/---

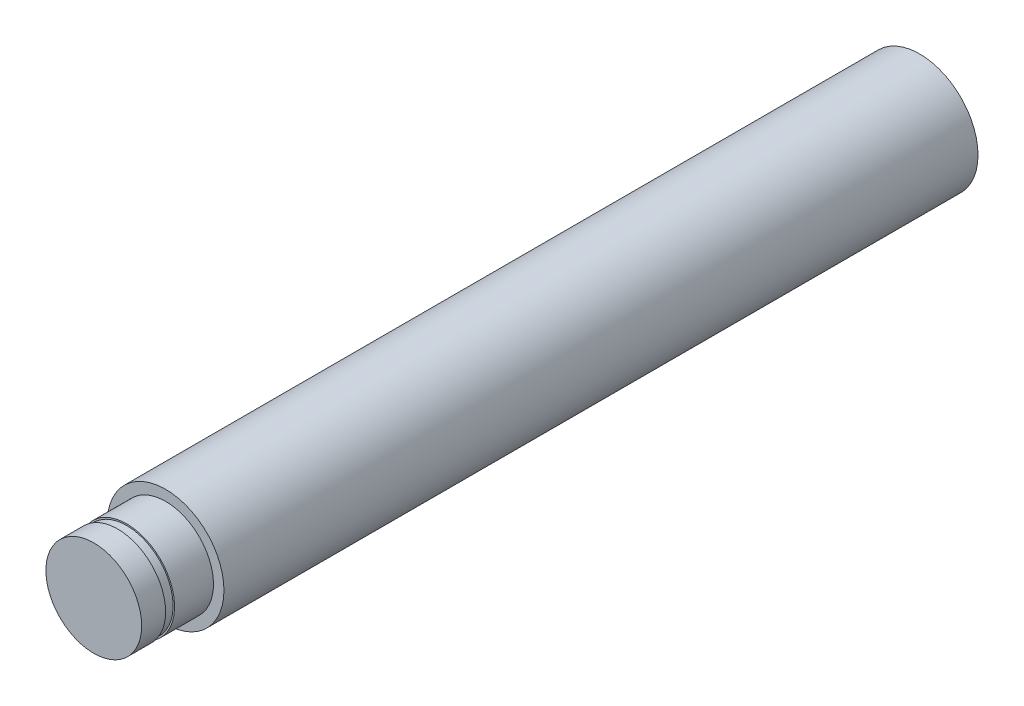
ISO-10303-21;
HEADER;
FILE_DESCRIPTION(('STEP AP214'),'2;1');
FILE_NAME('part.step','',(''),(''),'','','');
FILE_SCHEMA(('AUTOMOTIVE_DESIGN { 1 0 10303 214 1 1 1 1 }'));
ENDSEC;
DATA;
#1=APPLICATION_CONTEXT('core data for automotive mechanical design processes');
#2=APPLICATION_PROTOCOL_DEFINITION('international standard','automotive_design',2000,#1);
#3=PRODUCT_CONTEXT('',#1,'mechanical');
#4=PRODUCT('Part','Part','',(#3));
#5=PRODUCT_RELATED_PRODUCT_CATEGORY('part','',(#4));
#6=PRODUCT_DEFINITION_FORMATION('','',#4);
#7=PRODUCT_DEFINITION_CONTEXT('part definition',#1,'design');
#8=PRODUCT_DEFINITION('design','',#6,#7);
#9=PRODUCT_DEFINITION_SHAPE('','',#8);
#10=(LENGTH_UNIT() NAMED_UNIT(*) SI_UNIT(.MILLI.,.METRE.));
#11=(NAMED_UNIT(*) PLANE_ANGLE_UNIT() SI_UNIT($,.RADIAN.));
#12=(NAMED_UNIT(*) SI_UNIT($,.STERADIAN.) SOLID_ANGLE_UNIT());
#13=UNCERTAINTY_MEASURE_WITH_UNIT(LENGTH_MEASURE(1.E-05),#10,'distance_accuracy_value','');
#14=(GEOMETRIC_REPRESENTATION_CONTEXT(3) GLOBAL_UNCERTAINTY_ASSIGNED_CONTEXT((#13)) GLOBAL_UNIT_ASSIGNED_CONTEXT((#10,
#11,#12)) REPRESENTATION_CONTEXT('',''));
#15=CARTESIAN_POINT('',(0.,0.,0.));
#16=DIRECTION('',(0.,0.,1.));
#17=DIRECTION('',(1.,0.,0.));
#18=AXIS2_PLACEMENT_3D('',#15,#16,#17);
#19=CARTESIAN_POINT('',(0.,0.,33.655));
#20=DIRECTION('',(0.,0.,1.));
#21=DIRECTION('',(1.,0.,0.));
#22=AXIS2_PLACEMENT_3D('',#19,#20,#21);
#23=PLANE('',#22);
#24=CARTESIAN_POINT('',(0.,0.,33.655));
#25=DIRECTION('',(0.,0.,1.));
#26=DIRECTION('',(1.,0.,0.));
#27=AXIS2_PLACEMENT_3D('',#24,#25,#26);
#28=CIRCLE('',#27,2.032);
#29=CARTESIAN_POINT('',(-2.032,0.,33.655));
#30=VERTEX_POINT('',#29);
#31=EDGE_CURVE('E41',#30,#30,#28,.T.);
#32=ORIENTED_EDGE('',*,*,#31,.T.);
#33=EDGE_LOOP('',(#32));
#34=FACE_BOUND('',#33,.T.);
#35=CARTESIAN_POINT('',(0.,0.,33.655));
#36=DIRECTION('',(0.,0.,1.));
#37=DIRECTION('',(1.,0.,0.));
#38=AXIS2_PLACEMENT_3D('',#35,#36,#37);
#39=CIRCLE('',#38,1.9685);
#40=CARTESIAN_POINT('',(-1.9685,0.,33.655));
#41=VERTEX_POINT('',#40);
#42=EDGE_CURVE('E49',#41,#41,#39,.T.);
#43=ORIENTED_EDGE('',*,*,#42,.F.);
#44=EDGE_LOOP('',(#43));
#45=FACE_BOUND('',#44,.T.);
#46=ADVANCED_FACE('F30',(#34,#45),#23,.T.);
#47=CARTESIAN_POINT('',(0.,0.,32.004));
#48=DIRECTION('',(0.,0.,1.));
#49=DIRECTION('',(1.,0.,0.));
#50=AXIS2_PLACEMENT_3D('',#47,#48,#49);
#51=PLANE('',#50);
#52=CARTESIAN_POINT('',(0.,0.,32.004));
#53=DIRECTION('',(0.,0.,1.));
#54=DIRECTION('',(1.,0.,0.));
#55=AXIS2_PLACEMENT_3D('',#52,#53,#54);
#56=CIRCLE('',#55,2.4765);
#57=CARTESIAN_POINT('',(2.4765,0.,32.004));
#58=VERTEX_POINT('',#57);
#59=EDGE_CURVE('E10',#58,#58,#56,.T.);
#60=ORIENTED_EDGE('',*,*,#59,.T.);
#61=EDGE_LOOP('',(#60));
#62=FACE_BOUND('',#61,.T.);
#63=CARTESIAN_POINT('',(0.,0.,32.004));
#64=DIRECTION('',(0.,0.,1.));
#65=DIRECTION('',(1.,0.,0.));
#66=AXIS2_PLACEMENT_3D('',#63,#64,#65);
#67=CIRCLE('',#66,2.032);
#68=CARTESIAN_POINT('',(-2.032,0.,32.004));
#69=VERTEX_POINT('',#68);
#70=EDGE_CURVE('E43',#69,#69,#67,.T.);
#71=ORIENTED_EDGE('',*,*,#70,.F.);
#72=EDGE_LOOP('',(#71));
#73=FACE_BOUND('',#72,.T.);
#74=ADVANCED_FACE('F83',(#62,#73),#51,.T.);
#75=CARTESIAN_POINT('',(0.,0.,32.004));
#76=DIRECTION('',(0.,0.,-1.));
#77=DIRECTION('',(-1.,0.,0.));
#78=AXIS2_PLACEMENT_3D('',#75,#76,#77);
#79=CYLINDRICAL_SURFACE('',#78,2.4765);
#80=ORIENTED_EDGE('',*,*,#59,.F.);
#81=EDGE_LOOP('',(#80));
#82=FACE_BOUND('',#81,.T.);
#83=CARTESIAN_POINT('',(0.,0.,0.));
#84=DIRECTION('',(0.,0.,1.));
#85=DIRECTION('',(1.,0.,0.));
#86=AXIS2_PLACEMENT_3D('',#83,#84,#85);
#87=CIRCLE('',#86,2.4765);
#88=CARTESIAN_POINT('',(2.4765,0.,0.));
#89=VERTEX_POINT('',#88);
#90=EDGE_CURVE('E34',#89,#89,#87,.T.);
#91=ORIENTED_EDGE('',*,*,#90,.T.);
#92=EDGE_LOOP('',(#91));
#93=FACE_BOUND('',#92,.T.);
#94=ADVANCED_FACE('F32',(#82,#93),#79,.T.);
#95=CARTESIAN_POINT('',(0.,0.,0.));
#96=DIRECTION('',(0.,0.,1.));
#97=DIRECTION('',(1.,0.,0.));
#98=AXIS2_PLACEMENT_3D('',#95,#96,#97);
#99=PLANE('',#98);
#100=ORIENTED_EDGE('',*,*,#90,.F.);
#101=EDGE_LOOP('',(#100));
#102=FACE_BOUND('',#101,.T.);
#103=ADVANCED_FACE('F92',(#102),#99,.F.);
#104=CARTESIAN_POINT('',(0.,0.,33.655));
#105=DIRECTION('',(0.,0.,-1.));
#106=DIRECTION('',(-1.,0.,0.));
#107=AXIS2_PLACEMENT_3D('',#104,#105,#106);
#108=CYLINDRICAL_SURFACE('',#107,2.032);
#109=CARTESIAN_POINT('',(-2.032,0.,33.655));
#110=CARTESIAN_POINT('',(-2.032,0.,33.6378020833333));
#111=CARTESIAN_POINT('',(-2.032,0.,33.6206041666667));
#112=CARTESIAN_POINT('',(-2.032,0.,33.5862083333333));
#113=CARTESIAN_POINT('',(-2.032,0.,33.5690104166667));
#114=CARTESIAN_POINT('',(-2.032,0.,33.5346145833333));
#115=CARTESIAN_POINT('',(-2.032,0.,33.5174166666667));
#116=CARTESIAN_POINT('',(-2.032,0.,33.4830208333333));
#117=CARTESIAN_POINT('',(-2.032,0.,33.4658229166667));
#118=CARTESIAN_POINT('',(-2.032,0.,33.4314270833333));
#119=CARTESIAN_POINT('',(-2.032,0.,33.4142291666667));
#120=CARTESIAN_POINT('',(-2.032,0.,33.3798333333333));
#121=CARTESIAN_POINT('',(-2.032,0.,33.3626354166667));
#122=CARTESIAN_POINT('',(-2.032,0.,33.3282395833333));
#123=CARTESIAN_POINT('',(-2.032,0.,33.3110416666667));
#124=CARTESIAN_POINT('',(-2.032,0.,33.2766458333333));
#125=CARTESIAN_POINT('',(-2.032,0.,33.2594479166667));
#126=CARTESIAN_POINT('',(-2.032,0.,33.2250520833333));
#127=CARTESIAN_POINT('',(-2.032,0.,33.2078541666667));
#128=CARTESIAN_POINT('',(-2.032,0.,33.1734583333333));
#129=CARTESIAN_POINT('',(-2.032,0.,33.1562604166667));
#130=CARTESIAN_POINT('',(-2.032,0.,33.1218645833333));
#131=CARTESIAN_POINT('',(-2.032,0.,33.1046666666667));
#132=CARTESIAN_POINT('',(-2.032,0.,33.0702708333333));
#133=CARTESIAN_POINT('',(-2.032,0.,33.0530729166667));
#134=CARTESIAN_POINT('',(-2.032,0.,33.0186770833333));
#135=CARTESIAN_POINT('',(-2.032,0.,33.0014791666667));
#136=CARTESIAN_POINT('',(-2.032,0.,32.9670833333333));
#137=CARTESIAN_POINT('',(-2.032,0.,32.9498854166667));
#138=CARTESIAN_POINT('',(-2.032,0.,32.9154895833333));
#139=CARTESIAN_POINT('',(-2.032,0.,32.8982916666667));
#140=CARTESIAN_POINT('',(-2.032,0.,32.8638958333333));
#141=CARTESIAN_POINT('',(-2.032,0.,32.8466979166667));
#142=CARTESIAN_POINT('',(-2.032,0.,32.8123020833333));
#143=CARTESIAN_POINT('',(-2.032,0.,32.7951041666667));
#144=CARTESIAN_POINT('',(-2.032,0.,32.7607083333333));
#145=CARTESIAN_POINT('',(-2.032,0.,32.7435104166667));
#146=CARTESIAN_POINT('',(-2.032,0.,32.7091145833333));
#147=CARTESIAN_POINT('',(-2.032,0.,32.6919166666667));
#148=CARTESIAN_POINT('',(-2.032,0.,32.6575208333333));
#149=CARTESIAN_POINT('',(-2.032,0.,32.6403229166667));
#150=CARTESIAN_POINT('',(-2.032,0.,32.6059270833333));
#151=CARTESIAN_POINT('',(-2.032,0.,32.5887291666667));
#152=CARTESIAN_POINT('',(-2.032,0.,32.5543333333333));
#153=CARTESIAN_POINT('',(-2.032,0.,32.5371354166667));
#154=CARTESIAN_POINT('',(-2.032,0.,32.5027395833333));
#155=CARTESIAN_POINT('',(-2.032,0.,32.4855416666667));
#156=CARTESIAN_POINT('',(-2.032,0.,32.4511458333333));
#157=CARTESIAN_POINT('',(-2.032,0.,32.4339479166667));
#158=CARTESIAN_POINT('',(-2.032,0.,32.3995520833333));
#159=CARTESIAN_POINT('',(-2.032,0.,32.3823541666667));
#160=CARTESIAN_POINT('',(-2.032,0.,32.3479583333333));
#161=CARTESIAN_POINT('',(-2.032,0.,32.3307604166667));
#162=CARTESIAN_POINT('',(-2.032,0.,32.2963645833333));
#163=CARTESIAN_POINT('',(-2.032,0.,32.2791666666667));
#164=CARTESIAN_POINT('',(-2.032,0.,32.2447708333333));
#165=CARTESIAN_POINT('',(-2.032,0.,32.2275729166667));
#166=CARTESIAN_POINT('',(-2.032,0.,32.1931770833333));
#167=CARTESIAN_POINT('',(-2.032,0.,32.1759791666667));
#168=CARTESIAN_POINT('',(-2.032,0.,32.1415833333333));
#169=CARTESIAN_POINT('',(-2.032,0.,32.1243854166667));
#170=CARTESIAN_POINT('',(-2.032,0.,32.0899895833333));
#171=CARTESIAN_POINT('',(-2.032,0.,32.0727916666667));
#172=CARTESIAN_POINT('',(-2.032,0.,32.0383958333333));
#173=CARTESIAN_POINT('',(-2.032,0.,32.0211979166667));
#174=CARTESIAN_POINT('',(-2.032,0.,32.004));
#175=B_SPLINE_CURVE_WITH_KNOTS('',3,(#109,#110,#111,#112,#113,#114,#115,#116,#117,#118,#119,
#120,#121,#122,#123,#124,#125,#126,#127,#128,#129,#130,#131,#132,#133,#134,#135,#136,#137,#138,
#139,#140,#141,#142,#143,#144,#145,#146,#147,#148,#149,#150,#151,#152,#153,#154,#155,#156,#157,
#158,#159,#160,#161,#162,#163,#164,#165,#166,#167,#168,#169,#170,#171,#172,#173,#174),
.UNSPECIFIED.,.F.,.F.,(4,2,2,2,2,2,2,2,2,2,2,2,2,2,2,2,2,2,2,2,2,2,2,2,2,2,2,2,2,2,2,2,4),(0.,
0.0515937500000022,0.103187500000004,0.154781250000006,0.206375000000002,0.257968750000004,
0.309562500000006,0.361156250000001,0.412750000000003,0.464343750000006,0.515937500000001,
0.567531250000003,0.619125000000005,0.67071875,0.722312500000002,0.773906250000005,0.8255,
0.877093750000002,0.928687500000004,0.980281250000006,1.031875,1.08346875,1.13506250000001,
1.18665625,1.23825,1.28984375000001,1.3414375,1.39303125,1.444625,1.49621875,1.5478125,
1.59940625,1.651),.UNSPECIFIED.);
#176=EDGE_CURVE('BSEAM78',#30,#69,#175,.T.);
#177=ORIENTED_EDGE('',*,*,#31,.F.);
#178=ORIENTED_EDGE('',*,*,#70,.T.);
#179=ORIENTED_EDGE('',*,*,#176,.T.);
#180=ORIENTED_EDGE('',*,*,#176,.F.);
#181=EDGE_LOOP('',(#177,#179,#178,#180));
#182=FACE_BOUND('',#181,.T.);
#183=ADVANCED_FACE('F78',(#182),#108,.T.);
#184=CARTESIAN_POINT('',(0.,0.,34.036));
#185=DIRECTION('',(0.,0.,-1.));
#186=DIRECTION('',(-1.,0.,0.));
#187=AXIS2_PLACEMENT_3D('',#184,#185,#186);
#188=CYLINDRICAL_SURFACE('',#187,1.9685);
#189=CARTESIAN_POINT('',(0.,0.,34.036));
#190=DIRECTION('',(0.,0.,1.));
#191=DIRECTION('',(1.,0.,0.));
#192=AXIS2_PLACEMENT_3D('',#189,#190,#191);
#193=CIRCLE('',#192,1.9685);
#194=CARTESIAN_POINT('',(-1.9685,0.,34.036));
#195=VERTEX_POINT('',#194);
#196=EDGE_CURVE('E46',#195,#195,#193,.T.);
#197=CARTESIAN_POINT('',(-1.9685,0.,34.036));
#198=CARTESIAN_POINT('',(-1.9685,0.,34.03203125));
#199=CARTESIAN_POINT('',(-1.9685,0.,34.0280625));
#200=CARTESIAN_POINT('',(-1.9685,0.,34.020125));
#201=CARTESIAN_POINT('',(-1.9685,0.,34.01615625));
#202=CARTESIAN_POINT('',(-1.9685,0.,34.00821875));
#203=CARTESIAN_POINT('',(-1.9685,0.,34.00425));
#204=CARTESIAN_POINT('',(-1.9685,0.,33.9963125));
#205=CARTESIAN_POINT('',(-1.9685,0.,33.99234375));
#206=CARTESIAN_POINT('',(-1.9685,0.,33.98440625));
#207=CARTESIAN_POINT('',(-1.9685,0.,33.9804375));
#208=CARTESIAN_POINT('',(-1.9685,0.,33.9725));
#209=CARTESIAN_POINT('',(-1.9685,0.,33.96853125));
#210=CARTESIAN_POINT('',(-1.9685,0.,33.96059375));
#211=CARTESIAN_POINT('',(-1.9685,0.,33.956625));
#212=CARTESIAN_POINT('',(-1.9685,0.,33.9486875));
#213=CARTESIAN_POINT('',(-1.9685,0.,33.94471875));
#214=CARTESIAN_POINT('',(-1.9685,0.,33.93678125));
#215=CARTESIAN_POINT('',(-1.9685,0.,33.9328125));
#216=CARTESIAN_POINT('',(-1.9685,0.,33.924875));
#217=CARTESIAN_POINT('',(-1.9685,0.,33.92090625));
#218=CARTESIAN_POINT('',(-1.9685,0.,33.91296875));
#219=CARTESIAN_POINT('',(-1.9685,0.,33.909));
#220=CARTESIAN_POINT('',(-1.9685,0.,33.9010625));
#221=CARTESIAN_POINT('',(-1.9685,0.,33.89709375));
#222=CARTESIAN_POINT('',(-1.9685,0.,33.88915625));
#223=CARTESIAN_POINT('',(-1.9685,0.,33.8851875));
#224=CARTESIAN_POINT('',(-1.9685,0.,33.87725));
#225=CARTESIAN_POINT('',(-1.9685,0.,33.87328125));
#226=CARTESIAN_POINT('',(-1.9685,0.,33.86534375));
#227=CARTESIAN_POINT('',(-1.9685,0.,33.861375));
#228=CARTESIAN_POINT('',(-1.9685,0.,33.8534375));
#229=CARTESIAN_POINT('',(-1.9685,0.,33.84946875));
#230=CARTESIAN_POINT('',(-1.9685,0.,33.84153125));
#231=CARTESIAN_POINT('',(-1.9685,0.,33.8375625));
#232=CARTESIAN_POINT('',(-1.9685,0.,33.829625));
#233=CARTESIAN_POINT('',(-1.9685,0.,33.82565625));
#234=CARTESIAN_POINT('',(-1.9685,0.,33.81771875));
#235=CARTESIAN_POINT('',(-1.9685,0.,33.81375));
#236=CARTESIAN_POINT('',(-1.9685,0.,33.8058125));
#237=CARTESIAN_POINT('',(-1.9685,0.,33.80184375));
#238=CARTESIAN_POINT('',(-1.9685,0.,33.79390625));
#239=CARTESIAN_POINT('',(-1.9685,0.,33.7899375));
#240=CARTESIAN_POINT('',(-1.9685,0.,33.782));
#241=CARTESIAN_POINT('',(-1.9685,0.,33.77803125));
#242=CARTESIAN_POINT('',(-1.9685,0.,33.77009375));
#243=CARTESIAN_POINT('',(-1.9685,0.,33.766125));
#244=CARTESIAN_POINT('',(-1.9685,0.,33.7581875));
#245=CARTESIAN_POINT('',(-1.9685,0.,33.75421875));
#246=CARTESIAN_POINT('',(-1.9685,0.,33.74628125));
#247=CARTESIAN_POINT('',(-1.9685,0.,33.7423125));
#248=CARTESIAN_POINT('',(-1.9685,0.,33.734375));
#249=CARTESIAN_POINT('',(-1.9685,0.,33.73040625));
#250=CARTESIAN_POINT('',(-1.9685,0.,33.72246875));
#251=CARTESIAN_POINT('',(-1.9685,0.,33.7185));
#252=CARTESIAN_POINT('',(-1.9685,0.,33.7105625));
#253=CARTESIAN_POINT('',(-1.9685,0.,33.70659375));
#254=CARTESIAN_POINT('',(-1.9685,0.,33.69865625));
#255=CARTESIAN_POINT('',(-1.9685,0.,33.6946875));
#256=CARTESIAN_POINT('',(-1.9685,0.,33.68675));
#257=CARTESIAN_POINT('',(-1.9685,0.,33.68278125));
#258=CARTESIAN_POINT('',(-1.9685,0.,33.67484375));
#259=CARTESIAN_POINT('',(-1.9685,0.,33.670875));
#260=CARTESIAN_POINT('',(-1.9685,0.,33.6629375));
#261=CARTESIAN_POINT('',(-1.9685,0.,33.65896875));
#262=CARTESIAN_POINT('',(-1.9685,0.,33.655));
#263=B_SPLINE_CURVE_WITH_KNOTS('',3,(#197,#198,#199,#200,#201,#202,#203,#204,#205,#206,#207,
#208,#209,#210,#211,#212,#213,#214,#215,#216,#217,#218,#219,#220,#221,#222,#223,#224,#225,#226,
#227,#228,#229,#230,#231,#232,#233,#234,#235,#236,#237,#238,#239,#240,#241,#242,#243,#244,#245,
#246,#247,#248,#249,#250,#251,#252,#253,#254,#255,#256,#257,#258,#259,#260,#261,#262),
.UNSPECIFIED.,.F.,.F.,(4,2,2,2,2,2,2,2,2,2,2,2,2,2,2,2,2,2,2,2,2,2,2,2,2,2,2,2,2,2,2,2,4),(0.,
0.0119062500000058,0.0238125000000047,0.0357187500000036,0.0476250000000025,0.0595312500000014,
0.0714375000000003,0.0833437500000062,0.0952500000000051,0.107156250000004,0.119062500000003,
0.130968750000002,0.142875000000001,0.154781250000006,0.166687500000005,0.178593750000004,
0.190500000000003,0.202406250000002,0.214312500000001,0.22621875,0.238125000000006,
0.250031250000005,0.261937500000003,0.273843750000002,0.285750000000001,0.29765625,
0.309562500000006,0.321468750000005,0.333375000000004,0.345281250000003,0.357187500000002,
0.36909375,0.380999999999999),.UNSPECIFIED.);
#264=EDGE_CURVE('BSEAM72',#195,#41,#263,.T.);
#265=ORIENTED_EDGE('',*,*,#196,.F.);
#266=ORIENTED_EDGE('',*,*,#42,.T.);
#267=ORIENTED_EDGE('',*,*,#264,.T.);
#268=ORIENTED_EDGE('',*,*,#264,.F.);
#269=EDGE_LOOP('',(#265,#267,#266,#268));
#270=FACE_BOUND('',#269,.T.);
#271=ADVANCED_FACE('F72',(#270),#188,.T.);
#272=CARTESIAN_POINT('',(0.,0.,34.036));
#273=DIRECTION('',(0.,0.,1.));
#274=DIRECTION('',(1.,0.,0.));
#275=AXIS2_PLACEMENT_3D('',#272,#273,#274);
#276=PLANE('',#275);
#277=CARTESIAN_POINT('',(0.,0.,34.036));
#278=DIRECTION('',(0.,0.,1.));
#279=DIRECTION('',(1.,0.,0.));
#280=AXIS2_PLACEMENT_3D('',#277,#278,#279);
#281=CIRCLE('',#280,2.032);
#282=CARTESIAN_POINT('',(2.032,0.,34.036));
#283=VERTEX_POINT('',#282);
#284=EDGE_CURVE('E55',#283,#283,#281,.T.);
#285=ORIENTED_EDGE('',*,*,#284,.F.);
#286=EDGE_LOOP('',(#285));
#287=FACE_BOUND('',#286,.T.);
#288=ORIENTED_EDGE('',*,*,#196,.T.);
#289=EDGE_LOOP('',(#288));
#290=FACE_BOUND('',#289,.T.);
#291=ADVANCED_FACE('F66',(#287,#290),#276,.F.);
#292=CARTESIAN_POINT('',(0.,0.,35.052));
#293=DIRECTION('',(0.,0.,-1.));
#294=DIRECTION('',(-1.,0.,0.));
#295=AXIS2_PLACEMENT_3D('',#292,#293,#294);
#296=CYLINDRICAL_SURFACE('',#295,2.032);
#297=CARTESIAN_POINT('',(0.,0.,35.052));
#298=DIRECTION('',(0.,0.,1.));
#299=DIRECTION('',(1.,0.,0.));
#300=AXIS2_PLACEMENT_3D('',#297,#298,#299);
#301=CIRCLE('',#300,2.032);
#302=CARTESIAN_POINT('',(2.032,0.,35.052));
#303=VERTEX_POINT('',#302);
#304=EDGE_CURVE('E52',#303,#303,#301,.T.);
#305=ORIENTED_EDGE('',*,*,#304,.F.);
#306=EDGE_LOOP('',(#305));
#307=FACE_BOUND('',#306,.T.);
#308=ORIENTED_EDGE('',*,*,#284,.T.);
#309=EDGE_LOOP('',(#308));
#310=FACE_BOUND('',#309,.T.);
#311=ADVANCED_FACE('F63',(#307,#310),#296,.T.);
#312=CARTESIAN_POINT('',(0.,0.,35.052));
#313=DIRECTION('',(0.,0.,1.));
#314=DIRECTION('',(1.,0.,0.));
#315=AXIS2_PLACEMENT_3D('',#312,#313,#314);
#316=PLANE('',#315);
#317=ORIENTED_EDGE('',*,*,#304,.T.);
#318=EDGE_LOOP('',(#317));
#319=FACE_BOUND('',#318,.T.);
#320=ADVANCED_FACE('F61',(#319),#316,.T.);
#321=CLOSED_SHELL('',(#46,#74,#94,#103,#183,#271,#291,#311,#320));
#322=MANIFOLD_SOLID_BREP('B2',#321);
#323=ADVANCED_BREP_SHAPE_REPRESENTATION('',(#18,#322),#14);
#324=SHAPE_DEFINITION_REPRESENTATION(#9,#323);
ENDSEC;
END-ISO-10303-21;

\---

- [Task to complete]: Retype the portion of the data above that starts on the line with "#34=FACE_BOUND('',#33,.T.);" and finishes on the line with "#44=EDGE_LOOP('',(#43));", including both of those lines.

- [Solved problem]:
#34=FACE_BOUND('',#33,.T.);
#35=CARTESIAN_POINT('',(0.,0.,33.655));
#36=DIRECTION('',(0.,0.,1.));
#37=DIRECTION('',(1.,0.,0.));
#38=AXIS2_PLACEMENT_3D('',#35,#36,#37);
#39=CIRCLE('',#38,1.9685);
#40=CARTESIAN_POINT('',(-1.9685,0.,33.655));
#41=VERTEX_POINT('',#40);
#42=EDGE_CURVE('E49',#41,#41,#39,.T.);
#43=ORIENTED_EDGE('',*,*,#42,.F.);
#44=EDGE_LOOP('',(#43));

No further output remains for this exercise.